For more than a century Vampire Fantasy stories have been popular in literature, movies, television shows, but it has existed since the 18th century. Originally, these stories were based on ancient myths—usually Romanian. In these older stories, vampires are often depicted as dark embodiments of evil. There are many old tropes and cliches that were once compelling and inventive: vampires can't see their reflection, garlic and crosses are the vampire's weakness, silver and sunlight are fatal, fanged vampires, vampires as shape shifters, supernatural or superhuman powers, coffins, the list goes on.
Low-None. Vampire Fantasy is more supernatural than magical. It is only recently that vampires have begun to exhibit special powers.
Variable. Engagement with social implications is not particularly common in newer Vampire Fantasy (those that are heavy on romance and appealing to the young-adult audience). However, some Vampire Fantasy succeeds at making the reader see our society from the perspective of an outsider who is often ostracized and forced into hiding. These types of vampire stories show us how minorities are treated within society. Another common theme is about the value of life—what does it mean to be alive when the undead or the immortal roam the world?
Variable. There are three basic characters in Vampire Fantasy, the vampire, the human object of desire, and the vampire hunter.

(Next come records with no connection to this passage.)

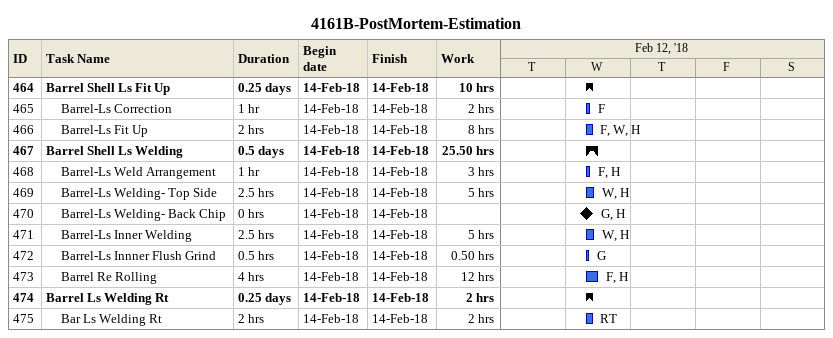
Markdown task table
4161B-PostMortem-Estimation

| ID | Level | Task | Duration | Start | Finish | Resources | Work (h) |
|---|---|---|---|---|---|---|---|
| 464 | 1 | **Barrel Shell Ls Fit Up** | 0.25d | 2018-02-14 | 2018-02-14 |  | 10 |
| 465 | 2 | Barrel-Ls Correction | 1h | 2018-02-14 | 2018-02-14 | F | 2 |
| 466 | 2 | Barrel-Ls Fit Up | 2h | 2018-02-14 | 2018-02-14 | F, W, H | 8 |
| 467 | 1 | **Barrel Shell Ls Welding** | 0.5d | 2018-02-14 | 2018-02-14 |  | 25.50 |
| 468 | 2 | Barrel-Ls Weld Arrangement | 1h | 2018-02-14 | 2018-02-14 | F, H | 3 |
| 469 | 2 | Barrel-Ls Welding- Top Side | 2.5h | 2018-02-14 | 2018-02-14 | W, H | 5 |
| 470 | 2 | Barrel-Ls Welding- Back Chip | 0h | 2018-02-14 | 2018-02-14 | G, H |  |
| 471 | 2 | Barrel-Ls Inner Welding | 2.5h | 2018-02-14 | 2018-02-14 | W, H | 5 |
| 472 | 2 | Barrel-Ls Innner Flush Grind | 0.5h | 2018-02-14 | 2018-02-14 | G | 0.50 |
| 473 | 2 | Barrel Re Rolling | 4h | 2018-02-14 | 2018-02-14 | F, H | 12 |
| 474 | 1 | **Barrel Ls Welding Rt** | 0.25d | 2018-02-14 | 2018-02-14 |  | 2 |
| 475 | 2 | Bar Ls Welding Rt | 2h | 2018-02-14 | 2018-02-14 | RT | 2 |
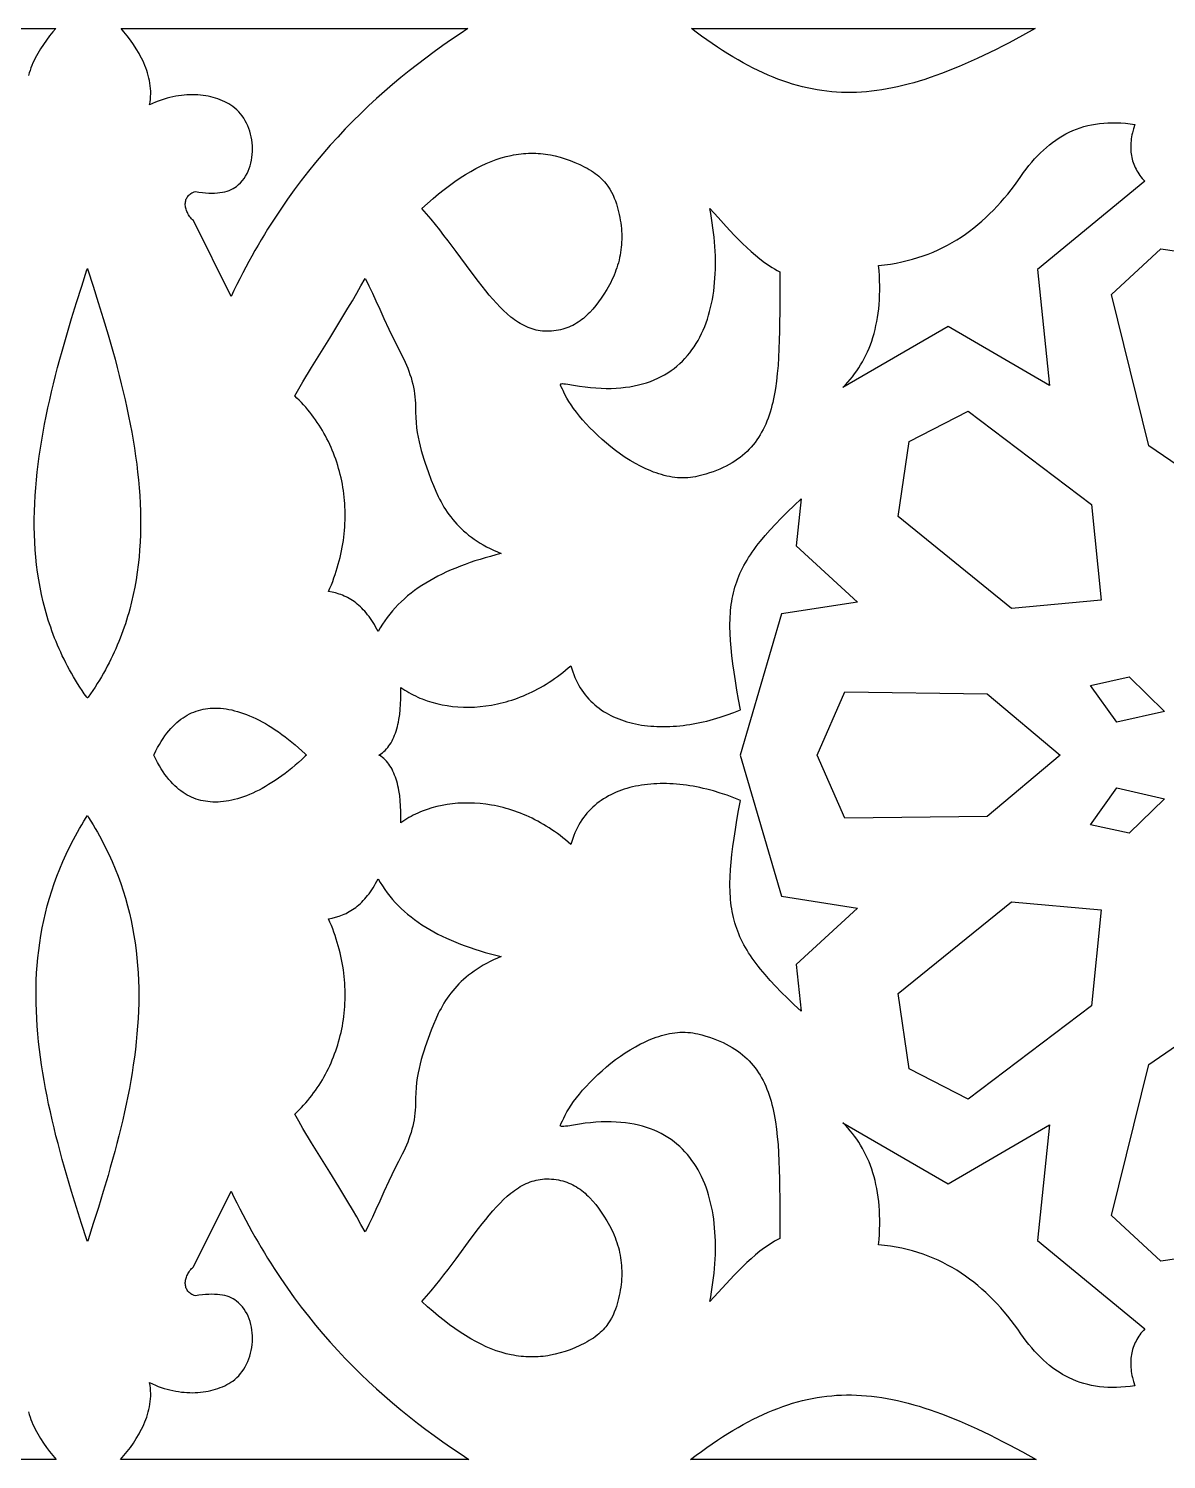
# Model space of a CAD drawing. Extents: x -575 to 575, y -425 to 425.
# Drawn here: x -411.5 to -347.9, y 285 to 365 of the extents above; entities that cross this region are included whole.
import ezdxf

# ---------------------------------------------------------------- set-up
doc = ezdxf.new("R2010")
doc.units = 0
doc.layers.add('LAYER_1', color=18, linetype='CONTINUOUS')

msp = doc.modelspace()

# ---------------------------------------------------------------- linework, layer by layer
at = {"layer": 'LAYER_1'}
for points in [[(-429.423, 365), (-410.035, 365), (-410.192, 364.817), (-410.373, 364.593), (-410.55, 364.36), (-410.721, 364.119), (-410.883, 363.87), (-411.036, 363.613), (-411.108, 363.482), (-411.177, 363.35), (-411.243, 363.216), (-411.305, 363.08), (-411.363, 362.943), (-411.417, 362.804), (-411.467, 362.664), (-411.513, 362.522), (-411.553, 362.38)], [(-411.553, 287.685), (-411.513, 287.542), (-411.467, 287.401), (-411.417, 287.261), (-411.363, 287.122), (-411.305, 286.985), (-411.243, 286.849), (-411.177, 286.715), (-411.108, 286.582), (-411.036, 286.451), (-410.883, 286.195), (-410.721, 285.945), (-410.55, 285.704), (-410.373, 285.471), (-410.192, 285.247), (-410.008, 285.032), (-429.472, 285.032)]]:
    msp.add_lwpolyline(points, dxfattribs=at)
for points in [[(-387.422, 364.711), (-387.905, 364.383), (-388.386, 364.048), (-388.863, 363.706), (-389.336, 363.357), (-389.806, 363), (-390.272, 362.635), (-390.733, 362.262), (-391.191, 361.88), (-391.644, 361.489), (-392.093, 361.089), (-392.537, 360.68), (-392.976, 360.261), (-393.41, 359.831), (-393.84, 359.392), (-394.264, 358.941), (-394.683, 358.48), (-395.096, 358.007), (-395.504, 357.523), (-395.905, 357.026), (-396.301, 356.518), (-396.691, 355.997), (-397.075, 355.463), (-397.452, 354.917), (-397.823, 354.356), (-398.005, 354.071), (-398.187, 353.783), (-398.366, 353.49), (-398.544, 353.195), (-398.72, 352.895), (-398.894, 352.593), (-399.067, 352.286), (-399.237, 351.976), (-399.406, 351.662), (-399.573, 351.344), (-399.738, 351.023), (-399.902, 350.697), (-400.063, 350.368), (-400.223, 350.035), (-402.333, 354.268), (-402.387, 354.319), (-402.437, 354.373), (-402.485, 354.428), (-402.529, 354.484), (-402.569, 354.541), (-402.607, 354.6), (-402.641, 354.659), (-402.672, 354.719), (-402.699, 354.78), (-402.722, 354.84), (-402.742, 354.901), (-402.758, 354.962), (-402.771, 355.023), (-402.779, 355.083), (-402.784, 355.142), (-402.785, 355.201), (-402.782, 355.259), (-402.775, 355.316), (-402.764, 355.371), (-402.749, 355.425), (-402.73, 355.477), (-402.706, 355.528), (-402.678, 355.576), (-402.646, 355.623), (-402.609, 355.667), (-402.568, 355.708), (-402.522, 355.747), (-402.472, 355.782), (-402.417, 355.815), (-402.358, 355.844), (-402.293, 355.87), (-402.224, 355.893), (-402.024, 355.863), (-401.832, 355.839), (-401.648, 355.821), (-401.472, 355.811), (-401.304, 355.806), (-401.144, 355.808), (-400.991, 355.817), (-400.846, 355.832), (-400.708, 355.853), (-400.576, 355.881), (-400.452, 355.915), (-400.334, 355.955), (-400.223, 356.002), (-400.117, 356.055), (-400.018, 356.115), (-399.925, 356.18), (-399.804, 356.28), (-399.692, 356.389), (-399.589, 356.505), (-399.496, 356.628), (-399.411, 356.758), (-399.334, 356.894), (-399.267, 357.035), (-399.208, 357.181), (-399.158, 357.332), (-399.116, 357.486), (-399.082, 357.643), (-399.057, 357.803), (-399.04, 357.964), (-399.03, 358.128), (-399.029, 358.292), (-399.036, 358.456), (-399.05, 358.62), (-399.072, 358.783), (-399.102, 358.945), (-399.139, 359.104), (-399.183, 359.261), (-399.235, 359.415), (-399.294, 359.565), (-399.361, 359.711), (-399.434, 359.852), (-399.514, 359.987), (-399.601, 360.117), (-399.694, 360.239), (-399.795, 360.355), (-399.902, 360.463), (-400.015, 360.562), (-400.135, 360.653), (-400.242, 360.724), (-400.352, 360.791), (-400.466, 360.855), (-400.584, 360.915), (-400.706, 360.97), (-400.831, 361.022), (-400.959, 361.069), (-401.089, 361.113), (-401.223, 361.152), (-401.36, 361.186), (-401.499, 361.217), (-401.641, 361.243), (-401.785, 361.264), (-401.931, 361.281), (-402.08, 361.294), (-402.23, 361.302), (-402.382, 361.305), (-402.536, 361.303), (-402.691, 361.296), (-402.847, 361.285), (-403.005, 361.268), (-403.164, 361.247), (-403.324, 361.22), (-403.484, 361.189), (-403.646, 361.152), (-403.807, 361.11), (-403.97, 361.062), (-404.132, 361.009), (-404.294, 360.951), (-404.457, 360.887), (-404.619, 360.818), (-404.781, 360.743), (-404.755, 360.896), (-404.737, 361.048), (-404.725, 361.199), (-404.721, 361.35), (-404.722, 361.5), (-404.73, 361.649), (-404.744, 361.797), (-404.764, 361.945), (-404.789, 362.091), (-404.82, 362.236), (-404.856, 362.38), (-404.896, 362.522), (-404.942, 362.664), (-404.992, 362.804), (-405.046, 362.943), (-405.104, 363.08), (-405.166, 363.216), (-405.232, 363.35), (-405.301, 363.482), (-405.373, 363.613), (-405.526, 363.87), (-405.688, 364.119), (-405.859, 364.36), (-406.036, 364.593), (-406.218, 364.817), (-406.374, 365), (-386.983, 365)], [(-355.964, 364.609), (-356.712, 364.212), (-357.078, 364.023), (-357.439, 363.841), (-357.796, 363.664), (-358.147, 363.495), (-358.494, 363.332), (-358.837, 363.175), (-359.176, 363.025), (-359.51, 362.882), (-359.84, 362.745), (-360.166, 362.615), (-360.489, 362.492), (-360.808, 362.375), (-361.124, 362.265), (-361.436, 362.161), (-361.745, 362.065), (-362.05, 361.975), (-362.353, 361.892), (-362.654, 361.815), (-362.951, 361.746), (-363.246, 361.683), (-363.538, 361.627), (-363.829, 361.579), (-364.117, 361.537), (-364.403, 361.501), (-364.687, 361.473), (-364.97, 361.452), (-365.251, 361.438), (-365.531, 361.431), (-365.809, 361.431), (-366.086, 361.438), (-366.362, 361.452), (-366.637, 361.473), (-366.911, 361.501), (-367.185, 361.536), (-367.458, 361.579), (-367.731, 361.629), (-368.004, 361.685), (-368.276, 361.75), (-368.549, 361.821), (-368.822, 361.9), (-369.095, 361.986), (-369.369, 362.079), (-369.643, 362.179), (-369.918, 362.287), (-370.193, 362.403), (-370.47, 362.525), (-370.748, 362.656), (-371.027, 362.793), (-371.308, 362.938), (-371.59, 363.091), (-371.874, 363.251), (-372.159, 363.418), (-372.447, 363.593), (-372.736, 363.776), (-373.028, 363.966), (-373.322, 364.164), (-373.619, 364.37), (-373.918, 364.583), (-374.22, 364.804), (-374.482, 365), (-355.253, 365)], [(-350.71, 359.74), (-350.461, 359.728), (-350.208, 359.708), (-349.949, 359.679), (-349.686, 359.64), (-349.761, 359.406), (-349.821, 359.177), (-349.845, 359.064), (-349.866, 358.952), (-349.884, 358.842), (-349.897, 358.733), (-349.907, 358.624), (-349.914, 358.518), (-349.916, 358.412), (-349.915, 358.307), (-349.911, 358.204), (-349.903, 358.102), (-349.891, 358.001), (-349.875, 357.901), (-349.856, 357.802), (-349.833, 357.705), (-349.807, 357.609), (-349.777, 357.514), (-349.743, 357.42), (-349.705, 357.327), (-349.664, 357.236), (-349.62, 357.145), (-349.571, 357.056), (-349.519, 356.968), (-349.464, 356.882), (-349.404, 356.796), (-349.341, 356.712), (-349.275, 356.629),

Perhaps because Vampire fiction has been around for so long vampire characters have become almost a trope themselves. Some stories capitalize on the popularity of the genre and fail to create three dimensional characters, but other stories create riveting characters that are immensely engaging and just jump off the page. It is worth noting that the vampire character was not always sympathetic. Vampires have been depicted as repulsive and the epitome of evil and also as mindless killing machines devoid of personality. As vampire stories have evolved over the years, so too has the characterization of the vampire.
Variable. The story's complexity and its accompanying plot depends greatly on the targeted audience. For example, a targeted audience of teenage girls tends to focus more on romance and thus has a relatively simple plot. The reverse is also true, stories meant for a more literary audience have complex and developing plot lines—for example, the classic story Dracula is a series of letters and news clippings where the reader has to pull together the events.
Moderate-High. Some Vampire Fantasy is going to have the cliched pitchforks and torches that are often the precursor to violent scenes. Other stories are less graphic about violence and more graphic about sex. Nonetheless, with creatures that feed on human blood front and center, violence will always be a part of the vampire genre.
By Bram Stoker. Though this book is not the first instance of vampires in literature, it is a defining story. It features more than just chilling storytelling; elements of horror, the gothic novel, sexual conventions, colonialism/post-colonialism, and immigration are all woven into this classic epistolary tale.
By Charlaine Harris. An immensely popular series that has become a popular show on HBO. Vampires are a minority and have only recently been granted a legal status. Sookie Stackhouse is the mind-reading, sexy heroine.
By Laurell K. Hamilton. This series presents an alternate reality where supernatural creatures (vampires, zombies) are simply a part of society. Anita Blake is a tough heroine and necromancer. The series is a mix of fantasy, romance, horror, and mystery.
By Stephanie Meyer. With an almost cult-like following, this series is targeted at the young-adult audience, specifically teenage girls. Vampires are reinvented in this series to be beautiful, sparkly, supernatural beings with special powers. A story of star-crossed lovers, danger and suspense.
By George R. R. Martin. A lesser known novel by the Game of Thrones creator that is a fine example of a more mythic take on vampirism. Fevre Dream is a steamboat sailing up the antebellum Mississippi River, which just so happens to be carrying the lord of the vampire race. It is a blend of history and myth.
By Anne Rice. A now classic tale of confession, this is the first book in Rice's Vampire Chronicles series. A complex story that blends the supernatural with the human condition; it will mesmerize readers. Particularly compelling amongst its pages is the story's philosophical inquiry.
By Les Daniels. The Don Sebastian Vampire Chronicles. This trilogy blends the supernatural with the historical. Each novel takes place in a different historical period filled with strife and centers on Don Sebastian, a vampire wizard
By P.N. Elrond. This series is an example of vampire fiction crossed with detective novels. The series centers around Jack Fleming (vampire) and Charles Escott (human), partners in 1930s Chicago.
By John William Polidori. Written in 1819, this novella is one of the first, if not the first, successful vampire story that begins to define the genre. Successful in its time because of its connection with literary giant, Lord Byron and its use of the Gothic Horror genre
By James Malcolm Rymer. A serialized story of the Gothic Horror tradition, first published in 1845. This epic series introduced many of the common vampiric tropes, like fangs that leave two punctures on their victims, superhuman strength, the vampire comes in through the window at night and attacks a sleeping maiden.